Он вынул из кармана два паспорта и положил передо мной.

— Здесь и паспорт Элен. Билеты вы уже взяли. Теперь у вас есть и американская виза. На двоих.

Он слабо усмехнулся и замолчал.

Я, не отрываясь, смотрел на паспорта.

— Они в самом деле больше вам не нужны? — спросил я с усилием.

— Дайте мне взамен этих свой, — сказал он. — Он мне понадобится на один-два дня. Чтоб только добраться до границы.

Я посмотрел на него.

— В иностранном легионе, — пояснил он, — не спрашивают о паспортах, как вы знаете. Эмигрантов там принимают. И пока еще есть на свете такие люди, как тот красавчик нацист, было бы преступлением самому лишать себя жизни, которую можно отдать борьбе против этих варваров.

Я вынул из кармана свой паспорт и отдал ему.

— Спасибо, — сказал я. — От всего сердца спасибо, господин Шварц.

— Там есть еще немного денег. А мне их нужно совсем мало. — Шварц взглянул на часы. — Хотите еще немного помочь мне? Ее выносят через полчаса. Пойдемте со мной?

— Да.

Шварц расплатился.

Мы вышли в шумное утро.

На поверхности Тахо лежал корабль, белый и тревожный.

Я стоял в комнате возле Шварца. На стенах висели еще разбитые зеркала. Осколков уже не было, остались одни пустые рамы.

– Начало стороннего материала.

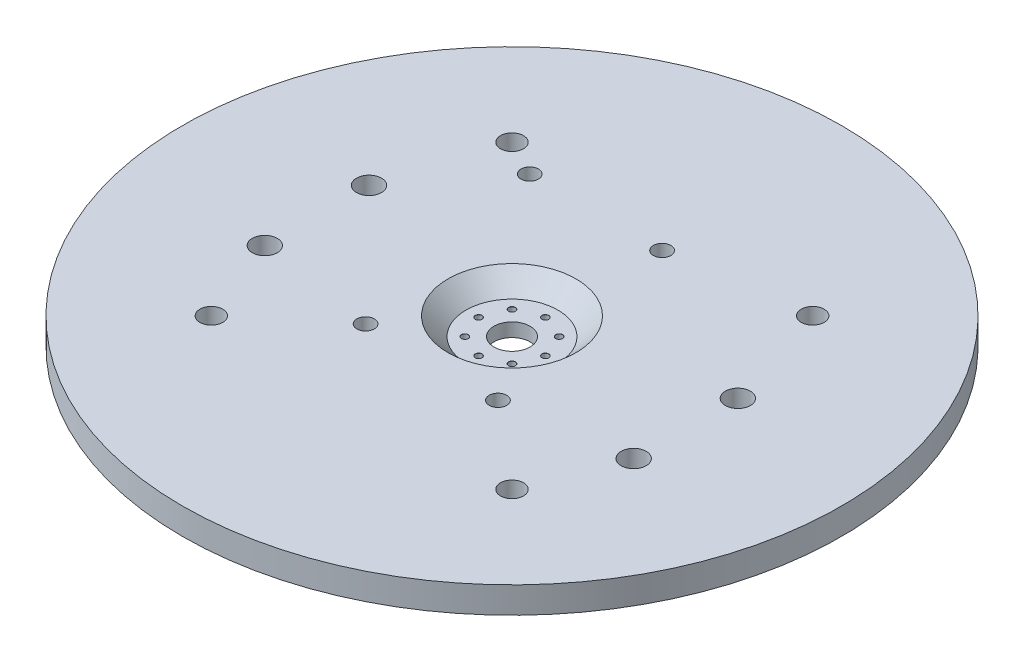
ISO-10303-21;
HEADER;
FILE_DESCRIPTION(('STEP AP214'),'2;1');
FILE_NAME('part.step','',(''),(''),'','','');
FILE_SCHEMA(('AUTOMOTIVE_DESIGN { 1 0 10303 214 1 1 1 1 }'));
ENDSEC;
DATA;
#1=APPLICATION_CONTEXT('core data for automotive mechanical design processes');
#2=APPLICATION_PROTOCOL_DEFINITION('international standard','automotive_design',2000,#1);
#3=PRODUCT_CONTEXT('',#1,'mechanical');
#4=PRODUCT('Part','Part','',(#3));
#5=PRODUCT_RELATED_PRODUCT_CATEGORY('part','',(#4));
#6=PRODUCT_DEFINITION_FORMATION('','',#4);
#7=PRODUCT_DEFINITION_CONTEXT('part definition',#1,'design');
#8=PRODUCT_DEFINITION('design','',#6,#7);
#9=PRODUCT_DEFINITION_SHAPE('','',#8);
#10=(LENGTH_UNIT() NAMED_UNIT(*) SI_UNIT(.MILLI.,.METRE.));
#11=(NAMED_UNIT(*) PLANE_ANGLE_UNIT() SI_UNIT($,.RADIAN.));
#12=(NAMED_UNIT(*) SI_UNIT($,.STERADIAN.) SOLID_ANGLE_UNIT());
#13=UNCERTAINTY_MEASURE_WITH_UNIT(LENGTH_MEASURE(1.E-05),#10,'distance_accuracy_value','');
#14=(GEOMETRIC_REPRESENTATION_CONTEXT(3) GLOBAL_UNCERTAINTY_ASSIGNED_CONTEXT((#13)) GLOBAL_UNIT_ASSIGNED_CONTEXT((#10,
#11,#12)) REPRESENTATION_CONTEXT('',''));
#15=CARTESIAN_POINT('',(0.,0.,0.));
#16=DIRECTION('',(0.,0.,1.));
#17=DIRECTION('',(1.,0.,0.));
#18=AXIS2_PLACEMENT_3D('',#15,#16,#17);
#19=CARTESIAN_POINT('',(0.,-3.1623,0.));
#20=DIRECTION('',(0.,1.,0.));
#21=DIRECTION('',(0.,0.,1.));
#22=AXIS2_PLACEMENT_3D('',#19,#20,#21);
#23=PLANE('',#22);
#24=CARTESIAN_POINT('',(0.,-3.1623,0.));
#25=DIRECTION('',(0.,1.,0.));
#26=DIRECTION('',(0.,0.,1.));
#27=AXIS2_PLACEMENT_3D('',#24,#25,#26);
#28=CIRCLE('',#27,79.0575);
#29=CARTESIAN_POINT('',(0.,-3.1623,79.0575));
#30=VERTEX_POINT('',#29);
#31=EDGE_CURVE('E60',#30,#30,#28,.T.);
#32=ORIENTED_EDGE('',*,*,#31,.F.);
#33=EDGE_LOOP('',(#32));
#34=FACE_BOUND('',#33,.T.);
#35=CARTESIAN_POINT('',(15.875,-3.1623,19.2459107281112));
#36=DIRECTION('',(0.,1.,0.));
#37=DIRECTION('',(0.,0.,1.));
#38=AXIS2_PLACEMENT_3D('',#35,#36,#37);
#39=CIRCLE('',#38,2.1);
#40=CARTESIAN_POINT('',(15.875,-3.1623,21.3459107281112));
#41=VERTEX_POINT('',#40);
#42=EDGE_CURVE('E63',#41,#41,#39,.T.);
#43=ORIENTED_EDGE('',*,*,#42,.T.);
#44=EDGE_LOOP('',(#43));
#45=FACE_BOUND('',#44,.T.);
#46=CARTESIAN_POINT('',(-15.875,-3.1623,19.2459107281112));
#47=DIRECTION('',(0.,1.,0.));
#48=DIRECTION('',(0.,0.,1.));
#49=AXIS2_PLACEMENT_3D('',#46,#47,#48);
#50=CIRCLE('',#49,2.1);
#51=CARTESIAN_POINT('',(-15.875,-3.1623,21.3459107281112));
#52=VERTEX_POINT('',#51);
#53=EDGE_CURVE('E71',#52,#52,#50,.T.);
#54=ORIENTED_EDGE('',*,*,#53,.T.);
#55=EDGE_LOOP('',(#54));
#56=FACE_BOUND('',#55,.T.);
#57=CARTESIAN_POINT('',(4.4311914,-3.1623,-31.5711836718892));
#58=DIRECTION('',(0.,1.,0.));
#59=DIRECTION('',(0.,0.,1.));
#60=AXIS2_PLACEMENT_3D('',#57,#58,#59);
#61=CIRCLE('',#60,2.1);
#62=CARTESIAN_POINT('',(4.4311914,-3.1623,-29.4711836718892));
#63=VERTEX_POINT('',#62);
#64=EDGE_CURVE('E77',#63,#63,#61,.T.);
#65=ORIENTED_EDGE('',*,*,#64,.T.);
#66=EDGE_LOOP('',(#65));
#67=FACE_BOUND('',#66,.T.);
#68=CARTESIAN_POINT('',(-27.3188086,-3.1623,-31.5711836718892));
#69=DIRECTION('',(0.,1.,0.));
#70=DIRECTION('',(0.,0.,1.));
#71=AXIS2_PLACEMENT_3D('',#68,#69,#70);
#72=CIRCLE('',#71,2.1);
#73=CARTESIAN_POINT('',(-27.3188086,-3.1623,-29.4711836718892));
#74=VERTEX_POINT('',#73);
#75=EDGE_CURVE('E83',#74,#74,#72,.T.);
#76=ORIENTED_EDGE('',*,*,#75,.T.);
#77=EDGE_LOOP('',(#76));
#78=FACE_BOUND('',#77,.T.);
#79=CARTESIAN_POINT('',(44.245,-3.1623,15.0584163281112));
#80=DIRECTION('',(0.,1.,0.));
#81=DIRECTION('',(0.,0.,1.));
#82=AXIS2_PLACEMENT_3D('',#79,#80,#81);
#83=CIRCLE('',#82,3.);
#84=CARTESIAN_POINT('',(44.245,-3.1623,18.0584163281112));
#85=VERTEX_POINT('',#84);
#86=EDGE_CURVE('E89',#85,#85,#83,.T.);
#87=ORIENTED_EDGE('',*,*,#86,.T.);
#88=EDGE_LOOP('',(#87));
#89=FACE_BOUND('',#88,.T.);
#90=CARTESIAN_POINT('',(44.245,-3.1623,-9.94158367188884));
#91=DIRECTION('',(0.,1.,0.));
#92=DIRECTION('',(0.,0.,1.));
#93=AXIS2_PLACEMENT_3D('',#90,#91,#92);
#94=CIRCLE('',#93,3.);
#95=CARTESIAN_POINT('',(44.245,-3.1623,-6.94158367188884));
#96=VERTEX_POINT('',#95);
#97=EDGE_CURVE('E95',#96,#96,#94,.T.);
#98=ORIENTED_EDGE('',*,*,#97,.T.);
#99=EDGE_LOOP('',(#98));
#100=FACE_BOUND('',#99,.T.);
#101=CARTESIAN_POINT('',(-44.245,-3.1623,15.0584163281112));
#102=DIRECTION('',(0.,1.,0.));
#103=DIRECTION('',(0.,0.,1.));
#104=AXIS2_PLACEMENT_3D('',#101,#102,#103);
#105=CIRCLE('',#104,3.);
#106=CARTESIAN_POINT('',(-44.245,-3.1623,18.0584163281112));
#107=VERTEX_POINT('',#106);
#108=EDGE_CURVE('E101',#107,#107,#105,.T.);
#109=ORIENTED_EDGE('',*,*,#108,.T.);
#110=EDGE_LOOP('',(#109));
#111=FACE_BOUND('',#110,.T.);
#112=CARTESIAN_POINT('',(-44.245,-3.1623,-9.94158367188883));
#113=DIRECTION('',(0.,1.,0.));
#114=DIRECTION('',(0.,0.,1.));
#115=AXIS2_PLACEMENT_3D('',#112,#113,#114);
#116=CIRCLE('',#115,3.);
#117=CARTESIAN_POINT('',(-44.245,-3.1623,-6.94158367188883));
#118=VERTEX_POINT('',#117);
#119=EDGE_CURVE('E107',#118,#118,#116,.T.);
#120=ORIENTED_EDGE('',*,*,#119,.T.);
#121=EDGE_LOOP('',(#120));
#122=FACE_BOUND('',#121,.T.);
#123=CARTESIAN_POINT('',(36.0624458405139,-3.1623,-36.0624458405139));
#124=DIRECTION('',(0.,1.,0.));
#125=DIRECTION('',(0.,0.,1.));
#126=AXIS2_PLACEMENT_3D('',#123,#124,#125);
#127=CIRCLE('',#126,2.75);
#128=CARTESIAN_POINT('',(36.0624458405139,-3.1623,-33.3124458405139));
#129=VERTEX_POINT('',#128);
#130=EDGE_CURVE('E113',#129,#129,#127,.T.);
#131=ORIENTED_EDGE('',*,*,#130,.T.);
#132=EDGE_LOOP('',(#131));
#133=FACE_BOUND('',#132,.T.);
#134=CARTESIAN_POINT('',(36.0624458405139,-3.1623,36.0624458405139));
#135=DIRECTION('',(0.,1.,0.));
#136=DIRECTION('',(0.,0.,1.));
#137=AXIS2_PLACEMENT_3D('',#134,#135,#136);
#138=CIRCLE('',#137,2.75);
#139=CARTESIAN_POINT('',(36.0624458405139,-3.1623,38.8124458405139));
#140=VERTEX_POINT('',#139);
#141=EDGE_CURVE('E119',#140,#140,#138,.T.);
#142=ORIENTED_EDGE('',*,*,#141,.T.);
#143=EDGE_LOOP('',(#142));
#144=FACE_BOUND('',#143,.T.);
#145=CARTESIAN_POINT('',(-36.0624458405139,-3.1623,36.0624458405139));
#146=DIRECTION('',(0.,1.,0.));
#147=DIRECTION('',(0.,0.,1.));
#148=AXIS2_PLACEMENT_3D('',#145,#146,#147);
#149=CIRCLE('',#148,2.75);
#150=CARTESIAN_POINT('',(-36.0624458405139,-3.1623,38.8124458405139));
#151=VERTEX_POINT('',#150);
#152=EDGE_CURVE('E125',#151,#151,#149,.T.);
#153=ORIENTED_EDGE('',*,*,#152,.T.);
#154=EDGE_LOOP('',(#153));
#155=FACE_BOUND('',#154,.T.);
#156=CARTESIAN_POINT('',(-36.0624458405139,-3.1623,-36.0624458405139));
#157=DIRECTION('',(0.,1.,0.));
#158=DIRECTION('',(0.,0.,1.));
#159=AXIS2_PLACEMENT_3D('',#156,#157,#158);
#160=CIRCLE('',#159,2.75);
#161=CARTESIAN_POINT('',(-36.0624458405139,-3.1623,-33.3124458405139));
#162=VERTEX_POINT('',#161);
#163=EDGE_CURVE('E131',#162,#162,#160,.T.);
#164=ORIENTED_EDGE('',*,*,#163,.T.);
#165=EDGE_LOOP('',(#164));
#166=FACE_BOUND('',#165,.T.);
#167=CARTESIAN_POINT('',(0.,-3.1623,0.));
#168=DIRECTION('',(0.,1.,0.));
#169=DIRECTION('',(0.,0.,1.));
#170=AXIS2_PLACEMENT_3D('',#167,#168,#169);
#171=CIRCLE('',#170,11.);
#172=CARTESIAN_POINT('',(0.,-3.1623,11.));
#173=VERTEX_POINT('',#172);
#174=EDGE_CURVE('E11',#173,#173,#171,.F.);
#175=ORIENTED_EDGE('',*,*,#174,.F.);
#176=EDGE_LOOP('',(#175));
#177=FACE_BOUND('',#176,.T.);
#178=ADVANCED_FACE('F41',(#34,#45,#56,#67,#78,#89,#100,#111,#122,#133,#144,#155,#166,#177),#23,.F.);
#179=CARTESIAN_POINT('',(0.,-3.1623,0.));
#180=DIRECTION('',(0.,1.,0.));
#181=DIRECTION('',(0.,0.,1.));
#182=AXIS2_PLACEMENT_3D('',#179,#180,#181);
#183=CYLINDRICAL_SURFACE('',#182,4.330200001);
#184=CARTESIAN_POINT('',(0.,-1.1623,0.));
#185=DIRECTION('',(0.,1.,0.));
#186=DIRECTION('',(0.,0.,1.));
#187=AXIS2_PLACEMENT_3D('',#184,#185,#186);
#188=CIRCLE('',#187,4.330200001);
#189=CARTESIAN_POINT('',(0.,-1.1623,4.330200001));
#190=VERTEX_POINT('',#189);
#191=EDGE_CURVE('E137',#190,#190,#188,.F.);
#192=ORIENTED_EDGE('',*,*,#191,.F.);
#193=EDGE_LOOP('',(#192));
#194=FACE_BOUND('',#193,.T.);
#195=CARTESIAN_POINT('',(0.,-4.4323,0.));
#196=DIRECTION('',(0.,-1.,0.));
#197=DIRECTION('',(0.,0.,-1.));
#198=AXIS2_PLACEMENT_3D('',#195,#196,#197);
#199=CIRCLE('',#198,4.330200001);
#200=CARTESIAN_POINT('',(0.,-4.4323,-4.330200001));
#201=VERTEX_POINT('',#200);
#202=EDGE_CURVE('E215',#201,#201,#199,.T.);
#203=ORIENTED_EDGE('',*,*,#202,.T.);
#204=EDGE_LOOP('',(#203));
#205=FACE_BOUND('',#204,.T.);
#206=ADVANCED_FACE('F219',(#194,#205),#183,.F.);
#207=CARTESIAN_POINT('',(0.,3.1623,0.));
#208=DIRECTION('',(0.,-1.,0.));
#209=DIRECTION('',(0.,0.,-1.));
#210=AXIS2_PLACEMENT_3D('',#207,#208,#209);
#211=CYLINDRICAL_SURFACE('',#210,79.0575);
#212=CARTESIAN_POINT('',(0.,3.1623,0.));
#213=DIRECTION('',(0.,1.,0.));
#214=DIRECTION('',(0.,0.,1.));
#215=AXIS2_PLACEMENT_3D('',#212,#213,#214);
#216=CIRCLE('',#215,79.0575);
#217=CARTESIAN_POINT('',(0.,3.1623,79.0575));
#218=VERTEX_POINT('',#217);
#219=EDGE_CURVE('E57',#218,#218,#216,.T.);
#220=ORIENTED_EDGE('',*,*,#219,.F.);
#221=EDGE_LOOP('',(#220));
#222=FACE_BOUND('',#221,.T.);
#223=ORIENTED_EDGE('',*,*,#31,.T.);
#224=EDGE_LOOP('',(#223));
#225=FACE_BOUND('',#224,.T.);
#226=ADVANCED_FACE('F244',(#222,#225),#211,.T.);
#227=CARTESIAN_POINT('',(0.,3.1623,0.));
#228=DIRECTION('',(0.,1.,0.));
#229=DIRECTION('',(0.,0.,1.));
#230=AXIS2_PLACEMENT_3D('',#227,#228,#229);
#231=PLANE('',#230);
#232=CARTESIAN_POINT('',(0.,3.1623,0.));
#233=DIRECTION('',(0.,1.,0.));
#234=DIRECTION('',(0.,0.,1.));
#235=AXIS2_PLACEMENT_3D('',#232,#233,#234);
#236=CIRCLE('',#235,15.35);
#237=CARTESIAN_POINT('',(0.,3.1623,15.35));
#238=VERTEX_POINT('',#237);
#239=EDGE_CURVE('E53',#238,#238,#236,.F.);
#240=ORIENTED_EDGE('',*,*,#239,.T.);
#241=EDGE_LOOP('',(#240));
#242=FACE_BOUND('',#241,.T.);
#243=CARTESIAN_POINT('',(-36.0624458405139,3.1623,-36.0624458405139));
#244=DIRECTION('',(0.,1.,0.));
#245=DIRECTION('',(0.,0.,1.));
#246=AXIS2_PLACEMENT_3D('',#243,#244,#245);
#247=CIRCLE('',#246,2.75);
#248=CARTESIAN_POINT('',(-36.0624458405139,3.1623,-33.3124458405139));
#249=VERTEX_POINT('',#248);
#250=EDGE_CURVE('E134',#249,#249,#247,.T.);
#251=ORIENTED_EDGE('',*,*,#250,.F.);
#252=EDGE_LOOP('',(#251));
#253=FACE_BOUND('',#252,.T.);
#254=CARTESIAN_POINT('',(-36.0624458405139,3.1623,36.0624458405139));
#255=DIRECTION('',(0.,1.,0.));
#256=DIRECTION('',(0.,0.,1.));
#257=AXIS2_PLACEMENT_3D('',#254,#255,#256);
#258=CIRCLE('',#257,2.75);
#259=CARTESIAN_POINT('',(-36.0624458405139,3.1623,38.8124458405139));
#260=VERTEX_POINT('',#259);
#261=EDGE_CURVE('E128',#260,#260,#258,.T.);
#262=ORIENTED_EDGE('',*,*,#261,.F.);
#263=EDGE_LOOP('',(#262));
#264=FACE_BOUND('',#263,.T.);
#265=CARTESIAN_POINT('',(36.0624458405139,3.1623,36.0624458405139));
#266=DIRECTION('',(0.,1.,0.));
#267=DIRECTION('',(0.,0.,1.));
#268=AXIS2_PLACEMENT_3D('',#265,#266,#267);
#269=CIRCLE('',#268,2.75);
#270=CARTESIAN_POINT('',(36.0624458405139,3.1623,38.8124458405139));
#271=VERTEX_POINT('',#270);
#272=EDGE_CURVE('E122',#271,#271,#269,.T.);
#273=ORIENTED_EDGE('',*,*,#272,.F.);
#274=EDGE_LOOP('',(#273));
#275=FACE_BOUND('',#274,.T.);
#276=CARTESIAN_POINT('',(36.0624458405139,3.1623,-36.0624458405139));
#277=DIRECTION('',(0.,1.,0.));
#278=DIRECTION('',(0.,0.,1.));
#279=AXIS2_PLACEMENT_3D('',#276,#277,#278);
#280=CIRCLE('',#279,2.75);
#281=CARTESIAN_POINT('',(36.0624458405139,3.1623,-33.3124458405139));
#282=VERTEX_POINT('',#281);
#283=EDGE_CURVE('E116',#282,#282,#280,.T.);
#284=ORIENTED_EDGE('',*,*,#283,.F.);
#285=EDGE_LOOP('',(#284));
#286=FACE_BOUND('',#285,.T.);
#287=CARTESIAN_POINT('',(-44.245,3.1623,-9.94158367188883));
#288=DIRECTION('',(0.,1.,0.));
#289=DIRECTION('',(0.,0.,1.));
#290=AXIS2_PLACEMENT_3D('',#287,#288,#289);
#291=CIRCLE('',#290,3.);
#292=CARTESIAN_POINT('',(-44.245,3.1623,-6.94158367188882));
#293=VERTEX_POINT('',#292);
#294=EDGE_CURVE('E110',#293,#293,#291,.T.);
#295=ORIENTED_EDGE('',*,*,#294,.F.);
#296=EDGE_LOOP('',(#295));
#297=FACE_BOUND('',#296,.T.);
#298=CARTESIAN_POINT('',(-44.245,3.1623,15.0584163281112));
#299=DIRECTION('',(0.,1.,0.));
#300=DIRECTION('',(0.,0.,1.));
#301=AXIS2_PLACEMENT_3D('',#298,#299,#300);
#302=CIRCLE('',#301,3.);
#303=CARTESIAN_POINT('',(-44.245,3.1623,18.0584163281112));
#304=VERTEX_POINT('',#303);
#305=EDGE_CURVE('E104',#304,#304,#302,.T.);
#306=ORIENTED_EDGE('',*,*,#305,.F.);
#307=EDGE_LOOP('',(#306));
#308=FACE_BOUND('',#307,.T.);
#309=CARTESIAN_POINT('',(44.245,3.1623,-9.94158367188884));
#310=DIRECTION('',(0.,1.,0.));
#311=DIRECTION('',(0.,0.,1.));
#312=AXIS2_PLACEMENT_3D('',#309,#310,#311);
#313=CIRCLE('',#312,3.);
#314=CARTESIAN_POINT('',(44.245,3.1623,-6.94158367188883));
#315=VERTEX_POINT('',#314);
#316=EDGE_CURVE('E98',#315,#315,#313,.T.);
#317=ORIENTED_EDGE('',*,*,#316,.F.);
#318=EDGE_LOOP('',(#317));
#319=FACE_BOUND('',#318,.T.);
#320=CARTESIAN_POINT('',(44.245,3.1623,15.0584163281112));
#321=DIRECTION('',(0.,1.,0.));
#322=DIRECTION('',(0.,0.,1.));
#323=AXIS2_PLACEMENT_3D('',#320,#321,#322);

— Может быть, мне надо было остаться с нею в эту последнюю ночь? — спросил Шварц.

— Вы были с ней.

Женщина в гробу была похожа на всех усопших — то же бесконечно отсутствующее выражение лица. Ничто здесь более не занимало ее — ни Шварц, ни я, ни она сама. Нельзя было даже вообразить себе, как она выглядела на самом деле.

То, что лежало там, было статуей. И лишь один Шварц знал, какою она была тогда, когда еще дышала. Но Шварц думал, что это знаю теперь и я.